Radio astronomy began in 1931 when Karl Jansky discovered that the Milky Way was a source of radio emission while doing research on terrestrial static with a direction antenna. Building on Jansky'swork, Grote Reber built a more sophisticated purpose-built radio telescope in 1937, with a 31.4 feet (9.6 m) dish; using this, he discovered various unexplained radio sources in the sky.

Interest in radio astronomy grew after the Second World War when much larger dishes were built including: the 250 feet (76 m) Jodrell bank telescope (1957), the 300 feet (91 m) Green Bank Telescope (1962), and the 100 metres(330 ft) Effelsberg telescope (1971). The huge 1,000 feet (300 m)Arecibo telescope (1963) is so large that it is fixed into a natural depression in the ground; the central antenna can be steered to allow the telescope to study objects up to twenty degrees from the zenith. However, not every radio telescope is of the dish type. For example, theMills Cross Telescope (1954) was an early example of an array which used two perpendicular lines of antennae 1,500 feet (460 m) in length to survey the sky.

High-energy radio waves are known as microwaves and this has been an important area of astronomy ever since the discovery of the cosmic microwave background radiation in 1964. Many ground-based radio telescopes can study microwaves. Short wavelength microwaves are best studied from space because water vapor (even at high altitudes) strongly weakens the signal. The Cosmic Background Explorer (1989) revolutionized the study of the microwave background radiation.
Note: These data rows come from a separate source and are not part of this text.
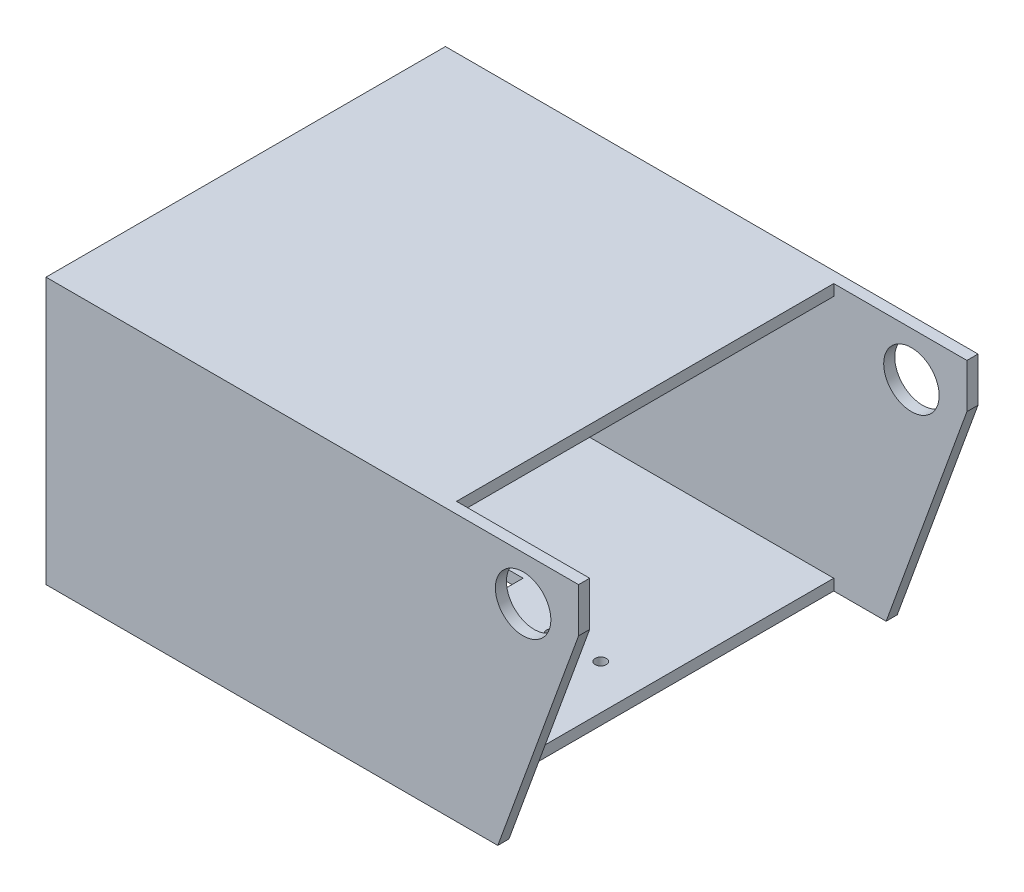
ISO-10303-21;
HEADER;
FILE_DESCRIPTION(('STEP AP214'),'2;1');
FILE_NAME('part.step','',(''),(''),'','','');
FILE_SCHEMA(('AUTOMOTIVE_DESIGN { 1 0 10303 214 1 1 1 1 }'));
ENDSEC;
DATA;
#1=APPLICATION_CONTEXT('core data for automotive mechanical design processes');
#2=APPLICATION_PROTOCOL_DEFINITION('international standard','automotive_design',2000,#1);
#3=PRODUCT_CONTEXT('',#1,'mechanical');
#4=PRODUCT('Part','Part','',(#3));
#5=PRODUCT_RELATED_PRODUCT_CATEGORY('part','',(#4));
#6=PRODUCT_DEFINITION_FORMATION('','',#4);
#7=PRODUCT_DEFINITION_CONTEXT('part definition',#1,'design');
#8=PRODUCT_DEFINITION('design','',#6,#7);
#9=PRODUCT_DEFINITION_SHAPE('','',#8);
#10=(LENGTH_UNIT() NAMED_UNIT(*) SI_UNIT(.MILLI.,.METRE.));
#11=(NAMED_UNIT(*) PLANE_ANGLE_UNIT() SI_UNIT($,.RADIAN.));
#12=(NAMED_UNIT(*) SI_UNIT($,.STERADIAN.) SOLID_ANGLE_UNIT());
#13=UNCERTAINTY_MEASURE_WITH_UNIT(LENGTH_MEASURE(1.E-05),#10,'distance_accuracy_value','');
#14=(GEOMETRIC_REPRESENTATION_CONTEXT(3) GLOBAL_UNCERTAINTY_ASSIGNED_CONTEXT((#13)) GLOBAL_UNIT_ASSIGNED_CONTEXT((#10,
#11,#12)) REPRESENTATION_CONTEXT('',''));
#15=CARTESIAN_POINT('',(0.,0.,0.));
#16=DIRECTION('',(0.,0.,1.));
#17=DIRECTION('',(1.,0.,0.));
#18=AXIS2_PLACEMENT_3D('',#15,#16,#17);
#19=CARTESIAN_POINT('',(17.18049689441,76.2,-41.5984161490683));
#20=DIRECTION('',(1.,0.,0.));
#21=DIRECTION('',(0.,0.,-1.));
#22=AXIS2_PLACEMENT_3D('',#19,#20,#21);
#23=PLANE('',#22);
#24=DIRECTION('',(0.,0.,1.));
#25=VECTOR('',#24,1.);
#26=CARTESIAN_POINT('',(17.18049689441,73.025,-41.5984161490683));
#27=LINE('',#26,#25);
#28=CARTESIAN_POINT('',(17.18049689441,73.025,-41.5984161490684));
#29=VERTEX_POINT('',#28);
#30=CARTESIAN_POINT('',(17.18049689441,73.025,66.3515838509316));
#31=VERTEX_POINT('',#30);
#32=EDGE_CURVE('E316',#29,#31,#27,.T.);
#33=ORIENTED_EDGE('',*,*,#32,.F.);
#34=DIRECTION('',(0.,-1.,0.));
#35=VECTOR('',#34,1.);
#36=CARTESIAN_POINT('',(17.18049689441,76.2,-41.5984161490683));
#37=LINE('',#36,#35);
#38=CARTESIAN_POINT('',(17.18049689441,76.2,-41.5984161490683));
#39=VERTEX_POINT('',#38);
#40=EDGE_CURVE('E252',#39,#29,#37,.T.);
#41=ORIENTED_EDGE('',*,*,#40,.F.);
#42=DIRECTION('',(0.,0.,1.));
#43=VECTOR('',#42,1.);
#44=CARTESIAN_POINT('',(17.18049689441,76.2,-41.5984161490683));
#45=LINE('',#44,#43);
#46=CARTESIAN_POINT('',(17.18049689441,76.2,66.3515838509317));
#47=VERTEX_POINT('',#46);
#48=EDGE_CURVE('E236',#39,#47,#45,.T.);
#49=ORIENTED_EDGE('',*,*,#48,.T.);
#50=DIRECTION('',(0.,-1.,0.));
#51=VECTOR('',#50,1.);
#52=CARTESIAN_POINT('',(17.18049689441,76.2,66.3515838509317));
#53=LINE('',#52,#51);
#54=EDGE_CURVE('E260',#47,#31,#53,.T.);
#55=ORIENTED_EDGE('',*,*,#54,.T.);
#56=EDGE_LOOP('',(#33,#41,#49,#55));
#57=FACE_BOUND('',#56,.T.);
#58=ADVANCED_FACE('F40',(#57),#23,.T.);
#59=CARTESIAN_POINT('',(55.2804968944099,76.2,-44.7734161490683));
#60=DIRECTION('',(-1.,0.,0.));
#61=DIRECTION('',(0.,0.,1.));
#62=AXIS2_PLACEMENT_3D('',#59,#60,#61);
#63=PLANE('',#62);
#64=DIRECTION('',(0.,-1.,0.));
#65=VECTOR('',#64,1.);
#66=CARTESIAN_POINT('',(55.28049689441,76.2,66.3515838509317));
#67=LINE('',#66,#65);
#68=CARTESIAN_POINT('',(55.28049689441,76.2,66.3515838509317));
#69=VERTEX_POINT('',#68);
#70=CARTESIAN_POINT('',(55.28049689441,63.5,66.3515838509317));
#71=VERTEX_POINT('',#70);
#72=EDGE_CURVE('E257',#69,#71,#67,.T.);
#73=ORIENTED_EDGE('',*,*,#72,.F.);
#74=DIRECTION('',(0.,0.,-1.));
#75=VECTOR('',#74,1.);
#76=CARTESIAN_POINT('',(55.2804968944099,76.2,-44.7734161490683));
#77=LINE('',#76,#75);
#78=CARTESIAN_POINT('',(55.28049689441,76.2,69.5265838509317));
#79=VERTEX_POINT('',#78);
#80=EDGE_CURVE('E285',#79,#69,#77,.T.);
#81=ORIENTED_EDGE('',*,*,#80,.F.);
#82=DIRECTION('',(0.,-1.,0.));
#83=VECTOR('',#82,1.);
#84=CARTESIAN_POINT('',(55.28049689441,76.2,69.5265838509317));
#85=LINE('',#84,#83);
#86=CARTESIAN_POINT('',(55.28049689441,63.5,69.5265838509317));
#87=VERTEX_POINT('',#86);
#88=EDGE_CURVE('E302',#79,#87,#85,.T.);
#89=ORIENTED_EDGE('',*,*,#88,.T.);
#90=DIRECTION('',(0.,0.,1.));
#91=VECTOR('',#90,1.);
#92=CARTESIAN_POINT('',(55.28049689441,63.5,-44.7734161490683));
#93=LINE('',#92,#91);
#94=EDGE_CURVE('E269',#71,#87,#93,.T.);
#95=ORIENTED_EDGE('',*,*,#94,.F.);
#96=EDGE_LOOP('',(#73,#81,#89,#95));
#97=FACE_BOUND('',#96,.T.);
#98=ADVANCED_FACE('F341',(#97),#63,.F.);
#99=CARTESIAN_POINT('',(0.,76.2,0.));
#100=DIRECTION('',(0.,1.,0.));
#101=DIRECTION('',(0.,0.,1.));
#102=AXIS2_PLACEMENT_3D('',#99,#100,#101);
#103=PLANE('',#102);
#104=ORIENTED_EDGE('',*,*,#80,.T.);
#105=DIRECTION('',(1.,0.,0.));
#106=VECTOR('',#105,1.);
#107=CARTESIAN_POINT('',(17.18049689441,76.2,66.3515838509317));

Because radio telescopes have low resolution, they were the first instruments to use interferometry allowing two or more widely separated instruments to simultaneously observe the same source. Very long baseline interferometry extended the technique over thousands of kilometers and allowed resolutions down to a few milli-arcseconds.

A telescope like the Large Millimeter Telescope (active since 2006) observes from 0.85 to 4 millimetres (850 to 4,000 µm), bridging between the far-infrared/submillimeter telescopes and longer wavelength radio telescopes including the microwave band from about 1 mm (1000 µm) to 1000 mm (1 meter) in wavelength.

Adaptive optics

Adaptive optics (AO) is a technology used to improve the performance of optical systems by reducing the effect of wavefront distortions: it aims at correcting the deformations of an incoming wavefront by deforming a mirror in order to compensate for the distortion. It is used in astronomical telescopes and laser communication systems to remove the effects of atmospheric distortion. Adaptive optics works by measuring the distortions in a wavefront and compensating for them with a device that corrects those errors such as a deformable mirror or a liquid crystal array.Other methods can achieve resolving power exceeding the limit imposed by atmospheric distortion, such as speckle imaging, aperture synthesis, and lucky imaging, or by moving outside the atmosphere with space telescopes, such as the Hubble Space Telescope.